Personal taxonomy formats

Again, these all feel part of a distinct dimension to the term sets mentioned before, though I'm not 100% happy with the name. Generally that's a theme I've noticed with separating abstract dimensions out like this; it can be very valuable precisely because we don't have the vocabulary to describe the distinctions easily (at least I don't – any recommendations on good books for learning super specific grammar terms would be very welcome).

Translating to real use

Part of the decision to go with a hierarchical topic-based taxonomy as the primary structure for this was to meet the way that Raindrop, the web page bookmarking tool I use, works. It has folders (known as "collections") which support nesting and tags. While always a powerful combination, without a clear way of using them, it can be difficult to know what should be a collection and what should be a tag, especially as Raindrop attempts to identify certain content types using what they call "Filters" (videos, articles, etc.) which doesn't seem to quite work as well as you'd hope.

Tags don't nest in Raindrop, so all the dimensions are muddled up into one big list. In spite of that, keeping a small-ish number of tags makes it relatively easy to keep track of what I should use and is a more reliable way of describing characteristics than the default filters. With bookmarks filed away in collections and tagged appropriately, I can easily find things with either entry point.

On MacOS, I was thinking I'd just use the topic taxonomy for my "Resources" folder structure, and that would be it. What I'd forgotten is that you can also create your own tags in MacOS now, and not just use the default colour tags in Finder. Since primary formats are well-covered by OS file metadata, the secondary formats and purposes are the only ones I need to use at the OS level.
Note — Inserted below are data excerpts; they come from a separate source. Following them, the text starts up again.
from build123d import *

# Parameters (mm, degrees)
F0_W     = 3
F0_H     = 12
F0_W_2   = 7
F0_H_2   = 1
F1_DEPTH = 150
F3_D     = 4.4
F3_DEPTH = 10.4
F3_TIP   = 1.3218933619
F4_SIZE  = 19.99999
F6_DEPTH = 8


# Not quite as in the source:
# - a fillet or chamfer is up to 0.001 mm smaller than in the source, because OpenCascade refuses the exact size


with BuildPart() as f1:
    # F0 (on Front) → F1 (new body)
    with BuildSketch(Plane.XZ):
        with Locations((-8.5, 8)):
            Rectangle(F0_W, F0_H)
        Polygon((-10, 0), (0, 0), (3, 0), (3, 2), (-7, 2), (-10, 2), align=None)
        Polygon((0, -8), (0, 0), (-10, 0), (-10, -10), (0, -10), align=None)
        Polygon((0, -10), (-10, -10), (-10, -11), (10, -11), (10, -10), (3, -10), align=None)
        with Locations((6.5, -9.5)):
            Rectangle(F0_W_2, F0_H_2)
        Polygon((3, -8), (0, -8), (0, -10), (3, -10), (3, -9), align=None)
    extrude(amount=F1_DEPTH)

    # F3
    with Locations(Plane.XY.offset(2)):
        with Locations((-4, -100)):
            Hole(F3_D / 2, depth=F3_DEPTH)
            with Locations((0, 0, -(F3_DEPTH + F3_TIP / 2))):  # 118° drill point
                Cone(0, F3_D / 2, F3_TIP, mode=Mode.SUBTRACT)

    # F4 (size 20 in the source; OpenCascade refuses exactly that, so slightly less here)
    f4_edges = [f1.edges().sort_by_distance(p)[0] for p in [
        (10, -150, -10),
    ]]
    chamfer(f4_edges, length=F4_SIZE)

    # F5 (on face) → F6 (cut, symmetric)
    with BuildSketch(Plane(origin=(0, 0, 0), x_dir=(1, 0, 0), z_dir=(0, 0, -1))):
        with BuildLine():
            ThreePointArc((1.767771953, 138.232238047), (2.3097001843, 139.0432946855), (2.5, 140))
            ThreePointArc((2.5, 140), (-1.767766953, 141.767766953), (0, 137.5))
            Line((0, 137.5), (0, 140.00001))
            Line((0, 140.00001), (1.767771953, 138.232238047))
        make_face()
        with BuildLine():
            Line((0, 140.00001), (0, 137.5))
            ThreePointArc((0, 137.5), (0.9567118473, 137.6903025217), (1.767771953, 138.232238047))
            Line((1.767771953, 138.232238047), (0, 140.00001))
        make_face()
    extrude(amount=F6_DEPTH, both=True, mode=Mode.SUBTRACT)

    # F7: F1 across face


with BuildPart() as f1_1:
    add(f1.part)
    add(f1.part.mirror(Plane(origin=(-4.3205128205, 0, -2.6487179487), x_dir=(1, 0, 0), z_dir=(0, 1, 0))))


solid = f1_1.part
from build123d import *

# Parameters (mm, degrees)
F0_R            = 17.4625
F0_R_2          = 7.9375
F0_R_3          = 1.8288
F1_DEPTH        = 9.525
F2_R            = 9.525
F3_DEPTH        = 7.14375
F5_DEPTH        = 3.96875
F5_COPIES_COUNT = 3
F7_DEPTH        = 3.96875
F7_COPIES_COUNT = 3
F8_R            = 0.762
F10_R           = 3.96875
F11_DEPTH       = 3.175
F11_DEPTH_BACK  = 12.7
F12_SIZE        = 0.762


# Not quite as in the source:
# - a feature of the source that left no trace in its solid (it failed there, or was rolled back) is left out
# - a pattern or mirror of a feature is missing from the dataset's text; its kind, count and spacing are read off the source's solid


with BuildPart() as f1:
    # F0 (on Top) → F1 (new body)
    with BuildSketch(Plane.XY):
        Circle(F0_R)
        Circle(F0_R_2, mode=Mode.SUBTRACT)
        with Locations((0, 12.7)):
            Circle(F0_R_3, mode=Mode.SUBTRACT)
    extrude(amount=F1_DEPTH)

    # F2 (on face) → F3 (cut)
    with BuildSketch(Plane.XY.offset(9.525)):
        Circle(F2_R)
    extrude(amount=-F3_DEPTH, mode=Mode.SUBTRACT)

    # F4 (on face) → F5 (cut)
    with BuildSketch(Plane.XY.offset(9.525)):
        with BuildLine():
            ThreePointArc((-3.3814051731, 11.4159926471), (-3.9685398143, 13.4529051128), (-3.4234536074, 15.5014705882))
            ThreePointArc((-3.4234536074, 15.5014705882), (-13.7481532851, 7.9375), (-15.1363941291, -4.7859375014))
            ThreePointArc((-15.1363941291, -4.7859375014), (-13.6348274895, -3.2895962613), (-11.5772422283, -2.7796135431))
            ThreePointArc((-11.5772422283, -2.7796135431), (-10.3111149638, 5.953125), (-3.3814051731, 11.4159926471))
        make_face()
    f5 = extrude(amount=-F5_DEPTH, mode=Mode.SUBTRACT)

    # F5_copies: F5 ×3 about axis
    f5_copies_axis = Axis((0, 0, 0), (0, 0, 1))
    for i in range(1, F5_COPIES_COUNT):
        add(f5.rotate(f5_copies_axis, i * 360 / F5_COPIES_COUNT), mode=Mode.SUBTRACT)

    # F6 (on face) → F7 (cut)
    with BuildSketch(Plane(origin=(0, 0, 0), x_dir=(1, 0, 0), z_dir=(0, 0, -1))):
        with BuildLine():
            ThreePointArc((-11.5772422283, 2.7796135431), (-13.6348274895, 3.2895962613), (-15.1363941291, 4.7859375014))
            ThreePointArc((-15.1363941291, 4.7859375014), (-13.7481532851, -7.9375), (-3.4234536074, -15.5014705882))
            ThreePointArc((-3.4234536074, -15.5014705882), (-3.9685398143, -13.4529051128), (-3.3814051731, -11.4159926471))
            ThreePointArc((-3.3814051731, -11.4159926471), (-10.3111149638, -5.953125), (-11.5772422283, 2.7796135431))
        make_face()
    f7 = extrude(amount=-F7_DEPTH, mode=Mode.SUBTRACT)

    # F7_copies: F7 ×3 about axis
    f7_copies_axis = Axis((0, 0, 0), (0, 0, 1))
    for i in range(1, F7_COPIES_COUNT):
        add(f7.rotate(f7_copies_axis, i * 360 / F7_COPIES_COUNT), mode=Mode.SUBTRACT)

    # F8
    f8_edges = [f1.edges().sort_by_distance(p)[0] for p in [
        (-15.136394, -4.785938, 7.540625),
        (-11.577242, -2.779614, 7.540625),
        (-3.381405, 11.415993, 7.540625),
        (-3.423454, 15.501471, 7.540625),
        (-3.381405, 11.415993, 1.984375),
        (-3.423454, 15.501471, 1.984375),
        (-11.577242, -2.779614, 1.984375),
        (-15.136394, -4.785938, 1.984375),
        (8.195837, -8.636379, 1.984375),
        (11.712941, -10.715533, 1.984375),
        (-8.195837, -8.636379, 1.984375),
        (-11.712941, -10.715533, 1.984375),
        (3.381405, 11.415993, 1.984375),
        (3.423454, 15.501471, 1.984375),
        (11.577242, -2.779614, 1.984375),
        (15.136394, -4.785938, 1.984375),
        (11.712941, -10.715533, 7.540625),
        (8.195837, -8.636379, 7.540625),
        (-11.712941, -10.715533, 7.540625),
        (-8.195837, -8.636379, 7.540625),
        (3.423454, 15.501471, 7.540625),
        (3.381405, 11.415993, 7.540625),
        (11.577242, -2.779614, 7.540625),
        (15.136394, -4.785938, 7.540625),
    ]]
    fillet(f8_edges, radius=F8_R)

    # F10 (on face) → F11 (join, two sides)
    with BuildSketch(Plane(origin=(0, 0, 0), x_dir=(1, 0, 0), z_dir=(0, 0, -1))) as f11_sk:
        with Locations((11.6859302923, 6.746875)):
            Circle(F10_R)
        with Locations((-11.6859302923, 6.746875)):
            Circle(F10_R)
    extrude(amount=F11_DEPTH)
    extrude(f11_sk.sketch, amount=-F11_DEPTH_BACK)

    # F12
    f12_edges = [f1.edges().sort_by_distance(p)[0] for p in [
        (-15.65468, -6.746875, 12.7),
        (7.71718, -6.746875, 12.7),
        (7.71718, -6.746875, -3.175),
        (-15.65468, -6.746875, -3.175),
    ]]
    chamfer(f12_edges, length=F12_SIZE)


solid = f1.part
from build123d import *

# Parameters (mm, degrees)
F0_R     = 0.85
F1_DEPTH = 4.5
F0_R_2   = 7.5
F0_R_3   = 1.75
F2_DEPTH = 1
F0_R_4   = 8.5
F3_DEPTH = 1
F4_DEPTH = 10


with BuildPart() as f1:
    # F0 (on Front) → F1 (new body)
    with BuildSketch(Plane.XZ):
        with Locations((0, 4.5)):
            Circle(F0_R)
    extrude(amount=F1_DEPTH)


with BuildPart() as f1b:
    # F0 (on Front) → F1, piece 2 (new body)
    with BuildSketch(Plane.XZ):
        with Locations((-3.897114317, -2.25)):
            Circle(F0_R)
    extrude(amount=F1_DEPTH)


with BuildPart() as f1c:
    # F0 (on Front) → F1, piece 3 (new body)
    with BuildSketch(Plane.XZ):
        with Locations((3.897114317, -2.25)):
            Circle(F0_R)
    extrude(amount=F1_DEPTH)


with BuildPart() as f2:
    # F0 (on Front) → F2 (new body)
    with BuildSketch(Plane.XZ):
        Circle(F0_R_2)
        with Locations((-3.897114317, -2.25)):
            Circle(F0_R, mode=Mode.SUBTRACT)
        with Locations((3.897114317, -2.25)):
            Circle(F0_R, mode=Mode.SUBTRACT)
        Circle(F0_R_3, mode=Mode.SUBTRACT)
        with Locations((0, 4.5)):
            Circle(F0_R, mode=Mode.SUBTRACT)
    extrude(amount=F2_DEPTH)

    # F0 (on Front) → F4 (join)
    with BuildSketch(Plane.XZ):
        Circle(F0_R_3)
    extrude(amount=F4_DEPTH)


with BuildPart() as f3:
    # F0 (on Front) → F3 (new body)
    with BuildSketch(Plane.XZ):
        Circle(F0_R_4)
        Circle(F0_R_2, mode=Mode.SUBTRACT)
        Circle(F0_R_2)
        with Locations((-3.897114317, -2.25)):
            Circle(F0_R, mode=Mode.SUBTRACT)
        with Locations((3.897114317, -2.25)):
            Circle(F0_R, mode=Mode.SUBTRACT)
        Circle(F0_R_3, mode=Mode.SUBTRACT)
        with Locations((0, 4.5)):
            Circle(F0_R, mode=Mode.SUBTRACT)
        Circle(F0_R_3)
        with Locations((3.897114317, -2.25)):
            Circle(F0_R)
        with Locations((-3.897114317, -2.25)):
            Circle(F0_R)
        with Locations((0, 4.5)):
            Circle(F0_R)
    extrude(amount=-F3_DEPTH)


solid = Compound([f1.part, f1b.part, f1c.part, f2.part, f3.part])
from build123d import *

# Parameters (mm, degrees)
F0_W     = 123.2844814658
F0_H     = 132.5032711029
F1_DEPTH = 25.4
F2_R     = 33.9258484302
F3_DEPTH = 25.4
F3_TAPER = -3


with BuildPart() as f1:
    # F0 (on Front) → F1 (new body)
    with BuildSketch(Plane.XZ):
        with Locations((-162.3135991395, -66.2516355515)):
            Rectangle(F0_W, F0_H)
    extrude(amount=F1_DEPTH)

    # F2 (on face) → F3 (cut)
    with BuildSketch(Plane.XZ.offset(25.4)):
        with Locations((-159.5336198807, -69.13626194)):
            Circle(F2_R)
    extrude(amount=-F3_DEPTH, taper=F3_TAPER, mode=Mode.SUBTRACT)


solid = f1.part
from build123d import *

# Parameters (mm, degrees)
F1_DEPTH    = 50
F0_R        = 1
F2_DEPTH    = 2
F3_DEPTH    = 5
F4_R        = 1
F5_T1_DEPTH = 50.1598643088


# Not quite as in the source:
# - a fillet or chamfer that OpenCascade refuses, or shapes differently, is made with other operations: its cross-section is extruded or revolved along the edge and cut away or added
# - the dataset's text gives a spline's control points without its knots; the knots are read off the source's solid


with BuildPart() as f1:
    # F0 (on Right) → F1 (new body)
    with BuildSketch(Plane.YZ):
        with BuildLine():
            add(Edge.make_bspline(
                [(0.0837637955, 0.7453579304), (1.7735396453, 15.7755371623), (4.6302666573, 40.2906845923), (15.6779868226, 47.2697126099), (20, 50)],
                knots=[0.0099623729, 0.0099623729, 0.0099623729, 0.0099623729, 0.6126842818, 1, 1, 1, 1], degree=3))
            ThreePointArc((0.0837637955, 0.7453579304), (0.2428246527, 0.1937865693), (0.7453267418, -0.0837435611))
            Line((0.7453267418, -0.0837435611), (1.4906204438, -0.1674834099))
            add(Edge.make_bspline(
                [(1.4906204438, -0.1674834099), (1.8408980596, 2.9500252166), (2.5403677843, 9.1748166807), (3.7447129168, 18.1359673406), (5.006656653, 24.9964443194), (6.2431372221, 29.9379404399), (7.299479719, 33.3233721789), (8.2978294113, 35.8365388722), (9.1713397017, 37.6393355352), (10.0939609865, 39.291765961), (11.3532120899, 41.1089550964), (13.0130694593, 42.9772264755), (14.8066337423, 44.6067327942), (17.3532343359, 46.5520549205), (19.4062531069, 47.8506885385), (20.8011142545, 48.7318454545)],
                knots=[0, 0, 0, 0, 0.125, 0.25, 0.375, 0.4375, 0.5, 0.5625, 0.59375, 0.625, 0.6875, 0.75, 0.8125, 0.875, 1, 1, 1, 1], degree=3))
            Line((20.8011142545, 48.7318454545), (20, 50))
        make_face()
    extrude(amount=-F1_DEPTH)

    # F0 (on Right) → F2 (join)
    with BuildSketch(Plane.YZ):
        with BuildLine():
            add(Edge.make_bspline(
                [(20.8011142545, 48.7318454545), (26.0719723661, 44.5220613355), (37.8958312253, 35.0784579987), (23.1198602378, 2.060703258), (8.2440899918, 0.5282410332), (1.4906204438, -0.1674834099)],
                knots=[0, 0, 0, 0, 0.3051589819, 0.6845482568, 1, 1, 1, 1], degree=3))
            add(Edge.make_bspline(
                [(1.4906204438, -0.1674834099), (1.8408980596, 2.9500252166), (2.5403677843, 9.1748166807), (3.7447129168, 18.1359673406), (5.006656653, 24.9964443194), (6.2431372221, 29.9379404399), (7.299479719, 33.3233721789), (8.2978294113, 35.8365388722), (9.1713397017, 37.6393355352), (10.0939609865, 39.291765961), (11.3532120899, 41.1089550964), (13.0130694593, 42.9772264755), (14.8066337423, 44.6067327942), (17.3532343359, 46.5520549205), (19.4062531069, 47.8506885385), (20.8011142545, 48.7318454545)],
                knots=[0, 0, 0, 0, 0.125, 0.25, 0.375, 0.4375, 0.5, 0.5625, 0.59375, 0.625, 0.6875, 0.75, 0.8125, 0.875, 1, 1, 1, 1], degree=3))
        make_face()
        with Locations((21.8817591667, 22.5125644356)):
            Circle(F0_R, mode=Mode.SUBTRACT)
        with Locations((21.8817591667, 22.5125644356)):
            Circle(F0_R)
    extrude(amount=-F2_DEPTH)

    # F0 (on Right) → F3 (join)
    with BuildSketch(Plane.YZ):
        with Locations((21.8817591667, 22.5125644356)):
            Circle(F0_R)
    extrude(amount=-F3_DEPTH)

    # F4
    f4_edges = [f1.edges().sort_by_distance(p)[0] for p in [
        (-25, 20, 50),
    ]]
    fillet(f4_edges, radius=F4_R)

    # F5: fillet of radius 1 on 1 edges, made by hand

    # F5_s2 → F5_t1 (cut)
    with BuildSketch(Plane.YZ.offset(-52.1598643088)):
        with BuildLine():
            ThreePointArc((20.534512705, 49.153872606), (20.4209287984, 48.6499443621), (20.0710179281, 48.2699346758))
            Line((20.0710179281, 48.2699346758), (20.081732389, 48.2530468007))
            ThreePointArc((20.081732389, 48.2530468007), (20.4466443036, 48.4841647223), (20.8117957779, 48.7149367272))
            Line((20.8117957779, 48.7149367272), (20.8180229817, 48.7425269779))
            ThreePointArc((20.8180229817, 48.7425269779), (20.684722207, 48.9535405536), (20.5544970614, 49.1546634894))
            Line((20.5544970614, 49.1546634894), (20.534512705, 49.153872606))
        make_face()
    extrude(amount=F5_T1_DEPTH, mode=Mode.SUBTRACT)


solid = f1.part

So far I've only needed to use secondary formats, and I can now get a lovely list of all my books, regardless of what format they are, as well as have them all organised by topic. I've discovered all kinds of things I'd forgotten I'd had that could be invaluable next time I need help on a particular subject.

An information workflow

While looking at the formats, I also tried to map out a rough workflow for information I use. Mapping different tools to each part of the workflow, I quickly realised that my browser (Safari) could technically do it all. Did I really need any other apps to support it? Keeping everything in the browser would certainly help avoid switching contexts. Spoiler alert: the read later and bookmarking tools just didn't really cut it for various reasons. But it was a good reminder to try to keep things within easy reach wherever possible.

Personal taxonomy workflow

Finishing touches

Lastly, it was time to come back to the subject terms. Having made initial groups, I then duplicated each one at a time and spent time crafting them further and tidying them up; looking for duplicates, deciding what levels were needed, considering whether I could just remove items that I was unlikely to ever need.

Eventually, I worked through all the groups and wrote them up back in the original spreadsheet for reference; the subjects, primary formats, secondary formats, layers and purposes.

In practice, I ended up making a few further rules for myself:

  • Start with just the top level items; only add subcategories when you have something to put in them
  • Be open to further dividing categories if a theme emerges that needs more specificity
  • Each context is going to be slightly different; use the unified taxonomy as a guide, but don't bother documenting terms that are only going to be needed in one context e.g. email folders
  • Keep the spreadsheet as a reference, and update it if you think a change of approach is needed across the different tools

All of that was the easy part compared to the looming task of cleaning up all my files, folders, links and tags to conform to all this. As I check over and review this blog I've done most of my web bookmarks in Raindrop and my YouTube saves, as well as some of my Mac's file system. Time will tell how well the overall structure works, and whether I've left enough flexibility to adapt well to whatever information comes my way over the coming months and years.